While age and growth are always used together in phraseology, it is important to remember that each term has its own distinct meaning, which was eloquently stated by DeVries and Frie (1996):

“Age refers to some quantitative description of the length of time that an organism has lived, whereas growth is the change in body or body part size between two points in time, and growth rate is a measure of change in some metric of fish size as a function of time.”

Methods of Fish Age and Growth Studies

Steps Involved in Fish Age and Growth Studies

Collect a random sample of fish and this should include representative of all sizes and age of fish species present in the population.

For each species, record the date of collection, habitat and method of collection.

Measure the length and weight of each species, dissect, and determine the sex and stages of gonad development.

Collection from each the structures that will be used for age determination.

Determine the age of each specimen using more than one method of age.

Calculate growth for each sex separately and for combined sexes if the calculation for individual method is significant different using chi-square.
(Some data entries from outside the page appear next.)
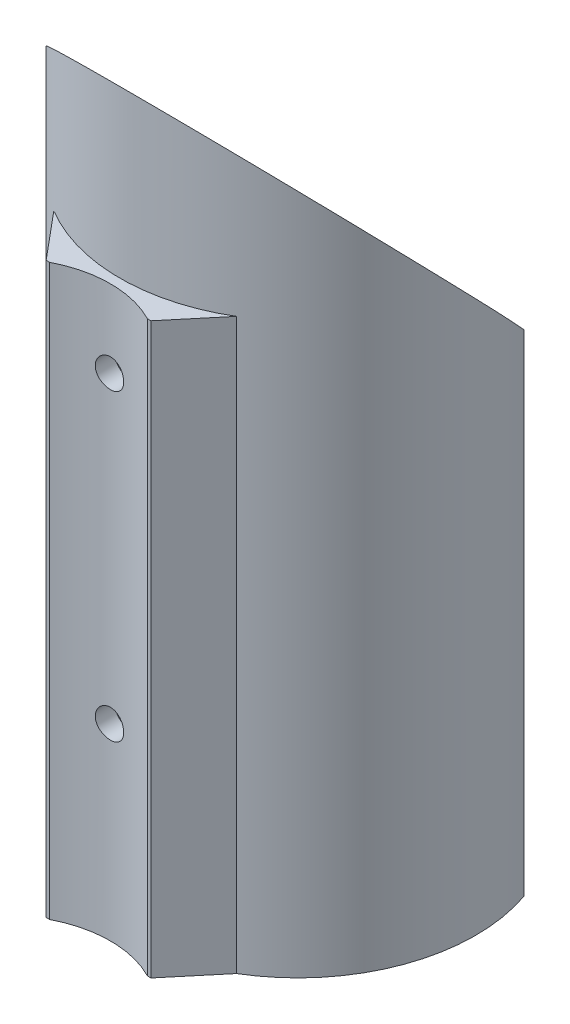
SolidWorks part; units mm, degrees
ref_plane "Front Plane" through (0, 0, 0) normal (0, 0, 1) x (1, 0, 0)
ref_plane "Top Plane" through (0, 0, 0) normal (0, 1, 0) x (1, 0, 0)
ref_plane "Right Plane" through (0, 0, 0) normal (1, 0, 0) x (0, 0, -1)
sketch "Sketch1" plane through (0, 0, 0) normal (0, 1, 0) x (1, 0, 0)
  circle A0 centre (0, 0) radius 32.5
  circle A1 centre (0, 0) radius 37.5
  dimension "D1" = 65
  dimension "D2" = 5
extrude "Boss-Extrude1" add sketch "Sketch1" along normal blind 150
sketch "Sketch2" plane through (0, 0, 0) normal (0, -1, 0) x (1, 0, 0)
  circle A0 centre (0, 0) radius 37.5
extrude "Boss-Extrude2" add sketch "Sketch2" along normal blind 5
ref_plane "Plane1" through (50, 0, 0) normal (1, 0, 0) x (0, 0, -1)
sketch "Sketch3" plane through (50, 0, 0) normal (1, 0, 0) x (0, 0, -1)
  line L0 (-37.5, 150) -> (37.5, 72.5)
  line L1 (37.5, -5) -> (37.5, 150) construction
  line L2 (37.5, 72.5) -> (37.5, 150)
  line L3 (37.5, 150) -> (-37.5, 150)
extrude "Cut-Extrude1" cut sketch "Sketch3" against normal blind 115
ref_plane "Plane2" through (0, 0, 42) normal (0, 0, 1) x (1, 0, 0)
sketch "Sketch4" plane through (0, 0, 42) normal (0, 0, 1) x (1, 0, 0)
  line L0 (-37.5, -5) -> (37.5, -5) construction
  line L1 (-10, -5) -> (10, -5)
  line L2 (-10, -5) -> (-10, 115)
  line L3 (-10, 115) -> (10, 115)
  line L4 (10, -5) -> (10, 115)
  point P6 (0, -5)
  dimension "D1" = 120
  dimension "D2" = 20
  dimension "D3" = 0
extrude "Boss-Extrude3" add sketch "Sketch4" against normal blind 9
sketch "Sketch5" plane through (0, 0, 42) normal (0, 0, 1) x (1, 0, 0)
  circle A0 centre (0, 98.657) radius 3
  circle A1 centre (0, 34.657) radius 3
  dimension "D1" = 6
  dimension "D2" = 6
  dimension "D3" = 64
extrude "Cut-Extrude2" cut sketch "Sketch5" against normal blind 119
chamfer "Chamfer1" distance 9 angle 45 2 edges at (10, 55, 36.1421) (-10, 55, 36.1421) first distance on face at (10, 55, 39.071) first distance on face at (-10, 55, 39.071)
sketch "Sketch6" plane through (0, 115, 0) normal (0, 1, 0) x (1, 0, 0)
  line L0 (-41.25, -42) -> (41.25, -42) construction
  circle A0 centre (0, -62) radius 22.5
  dimension "D1" = 45
  dimension "D2" = 20
extrude "Cut-Extrude3" cut sketch "Sketch6" against normal blind 129
sketch "Sketch7" plane through (0, 0, 0) normal (0, 1, 0) x (1, 0, 0)
  line L0 (-32.5, 0) -> (32.5, 0)
  arc A0 (-32.5, 0) -> (32.5, 0) centre (0, 0) ccw
  circle A1 centre (0, 0) radius 32.5 construction
  dimension "D2" = 0
  dimension "D1" = 0
extrude "Cut-Extrude4" cut sketch "Sketch7" against normal blind 129
fillet "Fillet1" radius 3 2 edges at (-32.5, -2.5, 0) (32.5, -2.5, 0)
ref_plane "Plane3" through (0, 0, -40) normal (0, 0, 1) x (1, 0, 0)
sketch "Sketch8" plane through (0, 0, -40) normal (0, 0, 1) x (1, 0, 0)
  circle A0 centre (0, 98.657) radius 5
  circle A1 centre (0, 34.657) radius 5
  dimension "D1" = 10
  dimension "D2" = 10
extrude "Cut-Extrude5" cut sketch "Sketch8" along normal blind 75.5
sketch "Sketch9" plane through (50, 0, 0) normal (1, 0, 0) x (0, 0, -1)
  line L1 (37.5, -5) -> (17.5, -5)
  line L2 (37.5, -5) -> (37.5, 142.7348)
  line L3 (37.5, 142.7348) -> (17.5, 142.7348)
  line L4 (17.5, -5) -> (17.5, 142.7348)
  dimension "D1" = 20
extrude "Cut-Extrude6" cut sketch "Sketch9" against normal blind 85
chamfer "Chamfer2" distance 3 angle 45 2 edges at (33.1662, 44.0833, -17.5) (-33.1662, 44.0833, -17.5) first distance on face at (0, 45.3333, -17.5)
fillet "Fillet2" radius 5 1 edges at (0, 144.8333, 32.5)

If the different are significant both sexes can be combined.

Determine length-weight relationship for each sex separately and for combined sexes.

Calculate the condition factor according to age, size, sex and season.

Precise and accurate age information is the key to obtaining quality estimates of growth and other vital rates such as natural mortality and longevity, and is essential for successful fisheries management. The effect of inaccurate age determinations on population dynamics studies can lead to serious errors in stock assessment resulting in overexploitation.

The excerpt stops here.